The state does not now claim that the testimony was admissible. It argues only that the testimony was not “highly prejudicial,” that the curative instruction was sufficient to remedy the error, and that the denial of the motion for mistrial was a matter for the trial judge’s discretion.

It is correct that trial courts have wide discretion in determining whether cautionary instructions are sufficient to cure prejudice and whether to allow motions for mistrial. Se State v. Kendrick, 31 Or. App. 1195, 1201-02, 572 P.2d 354 (1977) rev den (1978); State v. Atkinson, 28 Or. App. 909, 917, 562 P.2d 978 (1977). Here, the trial court exercised its discretion improperly. The nature of the testimony was such that the cautionary instruction would likely have had only a negligible effect at best. The evidence was highly prejudicial. The thrust of the testimony was that defendant was generally intrigued with the subject of killing. The evidence was also susceptible to the interpretation that the “someone” defendant was curious about Hoffman killing was defendant’s wife. (Much of Hoffman’s other testimony was about ongoing discord and violence in the relationship of defendant and his wife.) Given its lack of any probative weight, there is nothing to be weighed against the potential prejudicial impact of the evidence. The motion for a mistrial should have been granted.

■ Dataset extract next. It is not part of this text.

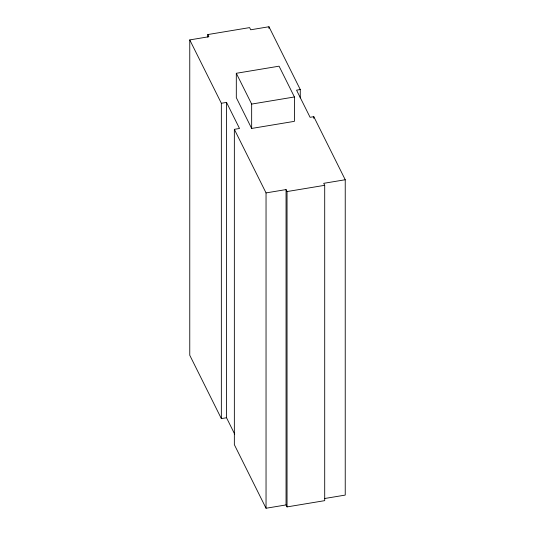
<?xml version="1.0" encoding="UTF-8"?>
<svg xmlns="http://www.w3.org/2000/svg" width="535" height="535" viewBox="0 0 535 535"><rect width="100%" height="100%" fill="white"/><g stroke="black" fill="none" stroke-linecap="round" stroke-linejoin="round"><path stroke-width="0.8" d="M207.774 37.062L207.774 34.561L249.611 27.606L250.701 29.786L268.958 26.75L300.269 89.552L300.269 97.892M234.698 434.139L226.526 417.748L221.35 418.611L189.764 355.253L189.764 39.911L208.857 36.734L207.774 34.561M236.309 73.288L279.069 66.179L294.417 96.969L294.417 121.338L251.657 128.447L236.309 97.658L236.309 73.288L251.657 104.078L251.657 128.447M300.269 89.552L296.557 90.168L310.079 117.299L313.798 116.683L345.236 179.747L345.236 495.089L324.511 498.533M189.764 39.911L221.35 103.268L226.526 102.406L239.519 128.48L234.35 129.336L234.35 444.679L266.042 508.25L286.051 504.926L287.041 506.906L324.705 500.653L324.705 185.311L323.715 183.324L345.236 179.747M251.657 104.078L294.417 96.969M234.35 129.336L266.042 192.908L286.051 189.584L287.041 191.563L287.041 506.906M287.041 191.563L324.705 185.311M313.798 116.683L313.798 118.355M286.051 189.584L286.051 504.926M268.958 26.75L268.958 28.415M266.042 192.908L266.042 508.25M226.526 102.406L226.526 417.748M221.35 103.268L221.35 418.611"/></g></svg>

Defendant makes one further assignment of error that requires our determination. He contends that the trial court erred in denying his motion for a change of

Page 758

venue. We disagree. See State v. Wampler, 30 Or. App. 931, 933-34, 569 P.2d 46 (1977), rev den (1978).

Reversed and remanded for a new trial.

[1] We do not imply that, had Shaw answered affirmatively, Hoffman’s testimony would have been any less prejudicial or more admissible. We are perplexed by the prosecutor’s theory that, had Shaw testified that the defendant attempted to hire him to kill the victim, Hoffman’s testimony about conversations with the defendant on the general subject of killing would have thereby become admissible.